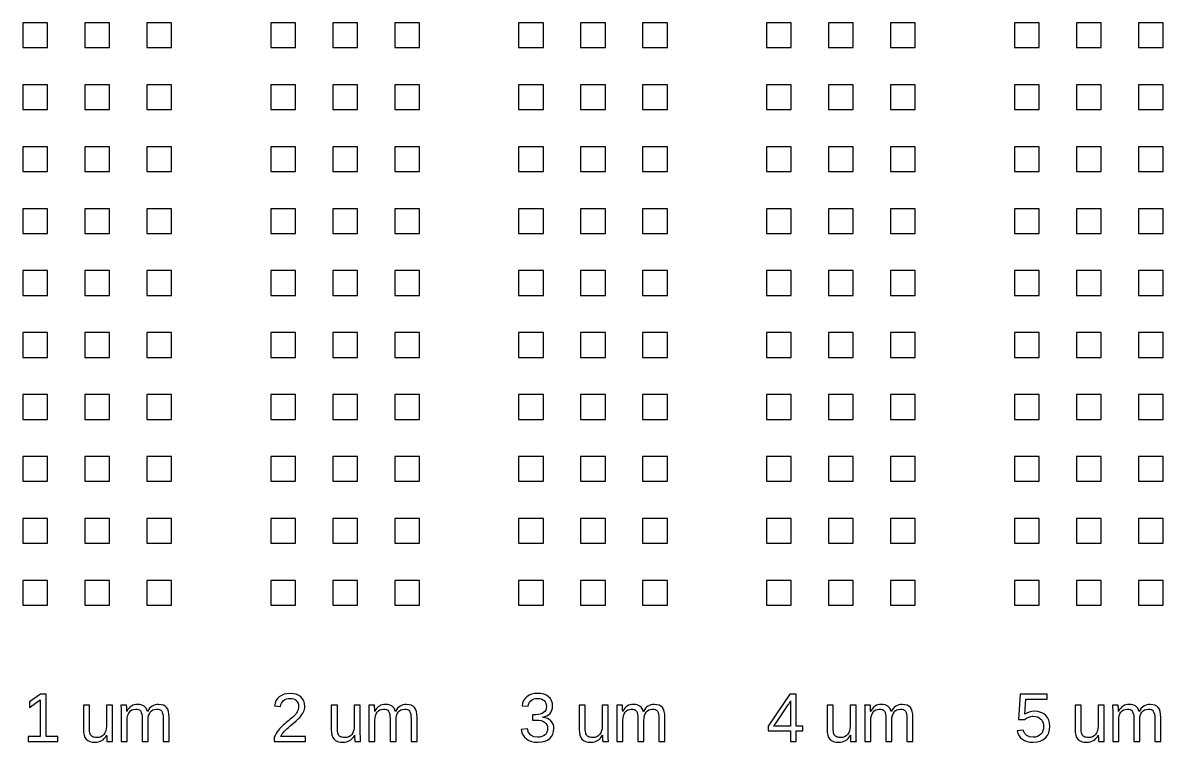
# Model space of a CAD drawing. Extents: x -5117 to 5117, y -2981 to 8396.
# Drawn here: x 95 to 2285, y -126 to 1256 of the extents above; entities that cross this region are included whole.
import ezdxf

# ---------------------------------------------------------------- set-up
doc = ezdxf.new("R2010")
doc.units = 0
doc.layers.get('0').update_dxf_attribs({"linetype": 'CONTINUOUS'})

msp = doc.modelspace()

# ---------------------------------------------------------------- linework, layer by layer
at = {"color": 7}
for points in [[(142.808577, 1256.021273), (95.205718, 1256.021273), (95.205718, 1208.418414), (142.808577, 1208.418414)], [(261.815725, 1256.021273), (214.212866, 1256.021273), (214.212866, 1208.418414), (261.815725, 1208.418414)], [(380.822873, 1256.021273), (333.220014, 1256.021273), (333.220014, 1208.418414), (380.822873, 1208.418414)], [(618.837169, 1256.021273), (571.23431, 1256.021273), (571.23431, 1208.418414), (618.837169, 1208.418414)], [(737.844317, 1256.021273), (690.241457, 1256.021273), (690.241457, 1208.418414), (737.844317, 1208.418414)], [(856.851464, 1256.021273), (809.248605, 1256.021273), (809.248605, 1208.418414), (856.851464, 1208.418414)], [(1094.86576, 1256.021273), (1047.262901, 1256.021273), (1047.262901, 1208.418414), (1094.86576, 1208.418414)], [(1213.872908, 1256.021273), (1166.270049, 1256.021273), (1166.270049, 1208.418414), (1213.872908, 1208.418414)], [(1332.880056, 1256.021273), (1285.277197, 1256.021273), (1285.277197, 1208.418414), (1332.880056, 1208.418414)], [(1570.894351, 1256.021273), (1523.291492, 1256.021273), (1523.291492, 1208.418414), (1570.894351, 1208.418414)], [(1689.901499, 1256.021273), (1642.29864, 1256.021273), (1642.29864, 1208.418414), (1689.901499, 1208.418414)], [(1808.908647, 1256.021273), (1761.305788, 1256.021273), (1761.305788, 1208.418414), (1808.908647, 1208.418414)], [(2046.922943, 1256.021273), (1999.320084, 1256.021273), (1999.320084, 1208.418414), (2046.922943, 1208.418414)], [(2165.930091, 1256.021273), (2118.327232, 1256.021273), (2118.327232, 1208.418414), (2165.930091, 1208.418414)], [(2284.937238, 1256.021273), (2237.334379, 1256.021273), (2237.334379, 1208.418414), (2284.937238, 1208.418414)], [(142.808577, 1137.014125), (95.205718, 1137.014125), (95.205718, 1089.411266), (142.808577, 1089.411266)], [(261.815725, 1137.014125), (214.212866, 1137.014125), (214.212866, 1089.411266), (261.815725, 1089.411266)], [(380.822873, 1137.014125), (333.220014, 1137.014125), (333.220014, 1089.411266), (380.822873, 1089.411266)], [(618.837169, 1137.014125), (571.23431, 1137.014125), (571.23431, 1089.411266), (618.837169, 1089.411266)], [(737.844317, 1137.014125), (690.241457, 1137.014125), (690.241457, 1089.411266), (737.844317, 1089.411266)], [(856.851464, 1137.014125), (809.248605, 1137.014125), (809.248605, 1089.411266), (856.851464, 1089.411266)], [(1094.86576, 1137.014125), (1047.262901, 1137.014125), (1047.262901, 1089.411266), (1094.86576, 1089.411266)], [(1213.872908, 1137.014125), (1166.270049, 1137.014125), (1166.270049, 1089.411266), (1213.872908, 1089.411266)], [(1332.880056, 1137.014125), (1285.277197, 1137.014125), (1285.277197, 1089.411266), (1332.880056, 1089.411266)], [(1570.894351, 1137.014125), (1523.291492, 1137.014125), (1523.291492, 1089.411266), (1570.894351, 1089.411266)], [(1689.901499, 1137.014125), (1642.29864, 1137.014125), (1642.29864, 1089.411266), (1689.901499, 1089.411266)], [(1808.908647, 1137.014125), (1761.305788, 1137.014125), (1761.305788, 1089.411266), (1808.908647, 1089.411266)], [(2046.922943, 1137.014125), (1999.320084, 1137.014125), (1999.320084, 1089.411266), (2046.922943, 1089.411266)], [(2165.930091, 1137.014125), (2118.327232, 1137.014125), (2118.327232, 1089.411266), (2165.930091, 1089.411266)], [(2284.937238, 1137.014125), (2237.334379, 1137.014125), (2237.334379, 1089.411266), (2284.937238, 1089.411266)], [(142.808577, 1018.006977), (95.205718, 1018.006977), (95.205718, 970.404118), (142.808577, 970.404118)], [(261.815725, 1018.006977), (214.212866, 1018.006977), (214.212866, 970.404118), (261.815725, 970.404118)], [(380.822873, 1018.006977), (333.220014, 1018.006977), (333.220014, 970.404118), (380.822873, 970.404118)], [(618.837169, 1018.006977), (571.23431, 1018.006977), (571.23431, 970.404118), (618.837169, 970.404118)], [(737.844317, 1018.006977), (690.241457, 1018.006977), (690.241457, 970.404118), (737.844317, 970.404118)], [(856.851464, 1018.006977), (809.248605, 1018.006977), (809.248605, 970.404118), (856.851464, 970.404118)], [(1094.86576, 1018.006977), (1047.262901, 1018.006977), (1047.262901, 970.404118), (1094.86576, 970.404118)], [(1213.872908, 1018.006977), (1166.270049, 1018.006977), (1166.270049, 970.404118), (1213.872908, 970.404118)], [(1332.880056, 1018.006977), (1285.277197, 1018.006977), (1285.277197, 970.404118), (1332.880056, 970.404118)], [(1570.894351, 1018.006977), (1523.291492, 1018.006977), (1523.291492, 970.404118), (1570.894351, 970.404118)], [(1689.901499, 1018.006977), (1642.29864, 1018.006977), (1642.29864, 970.404118), (1689.901499, 970.404118)], [(1808.908647, 1018.006977), (1761.305788, 1018.006977), (1761.305788, 970.404118), (1808.908647, 970.404118)], [(2046.922943, 1018.006977), (1999.320084, 1018.006977), (1999.320084, 970.404118), (2046.922943, 970.404118)], [(2165.930091, 1018.006977), (2118.327232, 1018.006977), (2118.327232, 970.404118), (2165.930091, 970.404118)], [(2284.937238, 1018.006977), (2237.334379, 1018.006977), (2237.334379, 970.404118), (2284.937238, 970.404118)], [(142.808577, 898.999829), (95.205718, 898.999829), (95.205718, 851.39697), (142.808577, 851.39697)], [(261.815725, 898.999829), (214.212866, 898.999829), (214.212866, 851.39697), (261.815725, 851.39697)], [(380.822873, 898.999829), (333.220014, 898.999829), (333.220014, 851.39697), (380.822873, 851.39697)], [(618.837169, 898.999829), (571.23431, 898.999829), (571.23431, 851.39697), (618.837169, 851.39697)], [(737.844317, 898.999829), (690.241457, 898.999829), (690.241457, 851.39697), (737.844317, 851.39697)], [(856.851464, 898.999829), (809.248605, 898.999829), (809.248605, 851.39697), (856.851464, 851.39697)], [(1094.86576, 898.999829), (1047.262901, 898.999829), (1047.262901, 851.39697), (1094.86576, 851.39697)], [(1213.872908, 898.999829), (1166.270049, 898.999829), (1166.270049, 851.39697), (1213.872908, 851.39697)], [(1332.880056, 898.999829), (1285.277197, 898.999829), (1285.277197, 851.39697), (1332.880056, 851.39697)], [(1570.894351, 898.999829), (1523.291492, 898.999829), (1523.291492, 851.39697), (1570.894351, 851.39697)], [(1689.901499, 898.999829), (1642.29864, 898.999829), (1642.29864, 851.39697), (1689.901499, 851.39697)], [(1808.908647, 898.999829), (1761.305788, 898.999829), (1761.305788, 851.39697), (1808.908647, 851.39697)], [(2046.922943, 898.999829), (1999.320084, 898.999829), (1999.320084, 851.39697), (2046.922943, 851.39697)], [(2165.930091, 898.999829), (2118.327232, 898.999829), (2118.327232, 851.39697), (2165.930091, 851.39697)], [(2284.937238, 898.999829), (2237.334379, 898.999829), (2237.334379, 851.39697), (2284.937238, 851.39697)], [(142.808577, 779.992681), (95.205718, 779.992681), (95.205718, 732.389822), (142.808577, 732.389822)], [(261.815725, 779.992681), (214.212866, 779.992681), (214.212866, 732.389822), (261.815725, 732.389822)], [(380.822873, 779.992681), (333.220014, 779.992681), (333.220014, 732.389822), (380.822873, 732.389822)], [(618.837169, 779.992681), (571.23431, 779.992681), (571.23431, 732.389822), (618.837169, 732.389822)], [(737.844317, 779.992681), (690.241457, 779.992681), (690.241457, 732.389822), (737.844317, 732.389822)], [(856.851464, 779.992681), (809.248605, 779.992681), (809.248605, 732.389822), (856.851464, 732.389822)], [(1094.86576, 779.992681), (1047.262901, 779.992681), (1047.262901, 732.389822), (1094.86576, 732.389822)], [(1213.872908, 779.992681), (1166.270049, 779.992681), (1166.270049, 732.389822), (1213.872908, 732.389822)], [(1332.880056, 779.992681), (1285.277197, 779.992681), (1285.277197, 732.389822), (1332.880056, 732.389822)], [(1570.894351, 779.992681), (1523.291492, 779.992681), (1523.291492, 732.389822), (1570.894351, 732.389822)], [(1689.901499, 779.992681), (1642.29864, 779.992681), (1642.29864, 732.389822), (1689.901499, 732.389822)], [(1808.908647, 779.992681), (1761.305788, 779.992681), (1761.305788, 732.389822), (1808.908647, 732.389822)], [(2046.922943, 779.992681), (1999.320084, 779.992681), (1999.320084, 732.389822), (2046.922943, 732.389822)], [(2165.930091, 779.992681), (2118.327232, 779.992681), (2118.327232, 732.389822), (2165.930091, 732.389822)], [(2284.937238, 779.992681), (2237.334379, 779.992681), (2237.334379, 732.389822), (2284.937238, 732.389822)], [(142.808577, 660.985534), (95.205718, 660.985534), (95.205718, 613.382674), (142.808577, 613.382674)], [(261.815725, 660.985534), (214.212866, 660.985534), (214.212866, 613.382674), (261.815725, 613.382674)], [(380.822873, 660.985534), (333.220014, 660.985534), (333.220014, 613.382674), (380.822873, 613.382674)], [(618.837169, 660.985534), (571.23431, 660.985534), (571.23431, 613.382674), (618.837169, 613.382674)], [(737.844317, 660.985534), (690.241457, 660.985534), (690.241457, 613.382674), (737.844317, 613.382674)], [(856.851464, 660.985534), (809.248605, 660.985534), (809.248605, 613.382674), (856.851464, 613.382674)], [(1094.86576, 660.985534), (1047.262901, 660.985534), (1047.262901, 613.382674), (1094.86576, 613.382674)], [(1213.872908, 660.985534), (1166.270049, 660.985534), (1166.270049, 613.382674), (1213.872908, 613.382674)], [(1332.880056, 660.985534), (1285.277197, 660.985534), (1285.277197, 613.382674), (1332.880056, 613.382674)], [(1570.894351, 660.985534), (1523.291492, 660.985534), (1523.291492, 613.382674), (1570.894351, 613.382674)], [(1689.901499, 660.985534), (1642.29864, 660.985534), (1642.29864, 613.382674), (1689.901499, 613.382674)], [(1808.908647, 660.985534), (1761.305788, 660.985534), (1761.305788, 613.382674), (1808.908647, 613.382674)], [(2046.922943, 660.985534), (1999.320084, 660.985534), (1999.320084, 613.382674), (2046.922943, 613.382674)], [(2165.930091, 660.985534), (2118.327232, 660.985534), (2118.327232, 613.382674), (2165.930091, 613.382674)], [(2284.937238, 660.985534), (2237.334379, 660.985534), (2237.334379, 613.382674), (2284.937238, 613.382674)], [(142.808577, 541.978386), (95.205718, 541.978386), (95.205718, 494.375527), (142.808577, 494.375527)], [(261.815725, 541.978386), (214.212866, 541.978386), (214.212866, 494.375527), (261.815725, 494.375527)], [(380.822873, 541.978386), (333.220014, 541.978386), (333.220014, 494.375527), (380.822873, 494.375527)], [(618.837169, 541.978386), (571.23431, 541.978386), (571.23431, 494.375527), (618.837169, 494.375527)], [(737.844317, 541.978386), (690.241457, 541.978386), (690.241457, 494.375527), (737.844317, 494.375527)], [(856.851464, 541.978386), (809.248605, 541.978386), (809.248605, 494.375527), (856.851464, 494.375527)], [(1094.86576, 541.978386), (1047.262901, 541.978386), (1047.262901, 494.375527), (1094.86576, 494.375527)], [(1213.872908, 541.978386), (1166.270049, 541.978386), (1166.270049, 494.375527), (1213.872908, 494.375527)], [(1332.880056, 541.978386), (1285.277197, 541.978386), (1285.277197, 494.375527), (1332.880056, 494.375527)], [(1570.894351, 541.978386), (1523.291492, 541.978386), (1523.291492, 494.375527), (1570.894351, 494.375527)], [(1689.901499, 541.978386), (1642.29864, 541.978386), (1642.29864, 494.375527), (1689.901499, 494.375527)], [(1808.908647, 541.978386), (1761.305788, 541.978386), (1761.305788, 494.375527), (1808.908647, 494.375527)], [(2046.922943, 541.978386), (1999.320084, 541.978386), (1999.320084, 494.375527), (2046.922943, 494.375527)], [(2165.930091, 541.978386), (2118.327232, 541.978386), (2118.327232, 494.375527), (2165.930091, 494.375527)], [(2284.937238, 541.978386), (2237.334379, 541.978386), (2237.334379, 494.375527), (2284.937238, 494.375527)], [(142.808577, 422.971238), (95.205718, 422.971238), (95.205718, 375.368379), (142.808577, 375.368379)], [(261.815725, 422.971238), (214.212866, 422.971238), (214.212866, 375.368379), (261.815725, 375.368379)], [(380.822873, 422.971238), (333.220014, 422.971238), (333.220014, 375.368379), (380.822873, 375.368379)], [(618.837169, 422.971238), (571.23431, 422.971238), (571.23431, 375.368379), (618.837169, 375.368379)], [(737.844317, 422.971238), (690.241457, 422.971238), (690.241457, 375.368379), (737.844317, 375.368379)], [(856.851464, 422.971238), (809.248605, 422.971238), (809.248605, 375.368379), (856.851464, 375.368379)], [(1094.86576, 422.971238), (1047.262901, 422.971238), (1047.262901, 375.368379), (1094.86576, 375.368379)], [(1213.872908, 422.971238), (1166.270049, 422.971238), (1166.270049, 375.368379), (1213.872908, 375.368379)], [(1332.880056, 422.971238), (1285.277197, 422.971238), (1285.277197, 375.368379), (1332.880056, 375.368379)], [(1570.894351, 422.971238), (1523.291492, 422.971238), (1523.291492, 375.368379), (1570.894351, 375.368379)], [(1689.901499, 422.971238), (1642.29864, 422.971238), (1642.29864, 375.368379), (1689.901499, 375.368379)], [(1808.908647, 422.971238), (1761.305788, 422.971238), (1761.305788, 375.368379), (1808.908647, 375.368379)], [(2046.922943, 422.971238), (1999.320084, 422.971238), (1999.320084, 375.368379), (2046.922943, 375.368379)], [(2165.930091, 422.971238), (2118.327232, 422.971238), (2118.327232, 375.368379), (2165.930091, 375.368379)], [(2284.937238, 422.971238), (2237.334379, 422.971238), (2237.334379, 375.368379), (2284.937238, 375.368379)], [(142.808577, 303.96409), (95.205718, 303.96409), (95.205718, 256.361231), (142.808577, 256.361231)], [(261.815725, 303.96409), (214.212866, 303.96409), (214.212866, 256.361231), (261.815725, 256.361231)], [(380.822873, 303.96409), (333.220014, 303.96409), (333.220014, 256.361231), (380.822873, 256.361231)], [(618.837169, 303.96409), (571.23431, 303.96409), (571.23431, 256.361231), (618.837169, 256.361231)], [(737.844317, 303.96409), (690.241457, 303.96409), (690.241457, 256.361231), (737.844317, 256.361231)], [(856.851464, 303.96409), (809.248605, 303.96409), (809.248605, 256.361231), (856.851464, 256.361231)], [(1094.86576, 303.96409), (1047.262901, 303.96409), (1047.262901, 256.361231), (1094.86576, 256.361231)], [(1213.872908, 303.96409), (1166.270049, 303.96409), (1166.270049, 256.361231), (1213.872908, 256.361231)], [(1332.880056, 303.96409), (1285.277197, 303.96409), (1285.277197, 256.361231), (1332.880056, 256.361231)], [(1570.894351, 303.96409), (1523.291492, 303.96409), (1523.291492, 256.361231), (1570.894351, 256.361231)], [(1689.901499, 303.96409), (1642.29864, 303.96409), (1642.29864, 256.361231), (1689.901499, 256.361231)], [(1808.908647, 303.96409), (1761.305788, 303.96409), (1761.305788, 256.361231), (1808.908647, 256.361231)], [(2046.922943, 303.96409), (1999.320084, 303.96409), (1999.320084, 256.361231), (2046.922943, 256.361231)], [(2165.930091, 303.96409), (2118.327232, 303.96409), (2118.327232, 256.361231), (2165.930091, 256.361231)], [(2284.937238, 303.96409), (2237.334379, 303.96409), (2237.334379, 256.361231), (2284.937238, 256.361231)], [(142.808577, 184.956942), (95.205718, 184.956942), (95.205718, 137.354083), (142.808577, 137.354083)], [(261.815725, 184.956942), (214.212866, 184.956942), (214.212866, 137.354083), (261.815725, 137.354083)], [(380.822873, 184.956942), (333.220014, 184.956942), (333.220014, 137.354083), (380.822873, 137.354083)], [(618.837169, 184.956942), (571.23431, 184.956942), (571.23431, 137.354083), (618.837169, 137.354083)], [(737.844317, 184.956942), (690.241457, 184.956942), (690.241457, 137.354083), (737.844317, 137.354083)], [(856.851464, 184.956942), (809.248605, 184.956942), (809.248605, 137.354083), (856.851464, 137.354083)], [(1094.86576, 184.956942), (1047.262901, 184.956942), (1047.262901, 137.354083), (1094.86576, 137.354083)], [(1213.872908, 184.956942), (1166.270049, 184.956942), (1166.270049, 137.354083), (1213.872908, 137.354083)], [(1332.880056, 184.956942), (1285.277197, 184.956942), (1285.277197, 137.354083), (1332.880056, 137.354083)], [(1570.894351, 184.956942), (1523.291492, 184.956942), (1523.291492, 137.354083), (1570.894351, 137.354083)], [(1689.901499, 184.956942), (1642.29864, 184.956942), (1642.29864, 137.354083), (1689.901499, 137.354083)], [(1808.908647, 184.956942), (1761.305788, 184.956942), (1761.305788, 137.354083), (1808.908647, 137.354083)], [(2046.922943, 184.956942), (1999.320084, 184.956942), (1999.320084, 137.354083), (2046.922943, 137.354083)], [(2165.930091, 184.956942), (2118.327232, 184.956942), (2118.327232, 137.354083), (2165.930091, 137.354083)], [(2284.937238, 184.956942), (2237.334379, 184.956942), (2237.334379, 137.354083), (2284.937238, 137.354083)], [(162.292666, -114.584049), (140.145673, -114.584049), (140.145673, -33.492578), (129.427176, -33.492578), (107.925678, -48.273266), (107.925678, -59.245725), (128.458696, -44.584044), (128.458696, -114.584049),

● ● ● ● ●

* Action item
Repeat, word for word and with no pictures, only the lines running from the beginning of the data to the line that contains "msp = doc.modelspace()".

* Task response
# Model space of a CAD drawing. Extents: x -5117 to 5117, y -2981 to 8396.
# Drawn here: x 95 to 2285, y -126 to 1256 of the extents above; entities that cross this region are included whole.
import ezdxf

# ---------------------------------------------------------------- set-up
doc = ezdxf.new("R2010")
doc.units = 0
doc.layers.get('0').update_dxf_attribs({"linetype": 'CONTINUOUS'})

msp = doc.modelspace()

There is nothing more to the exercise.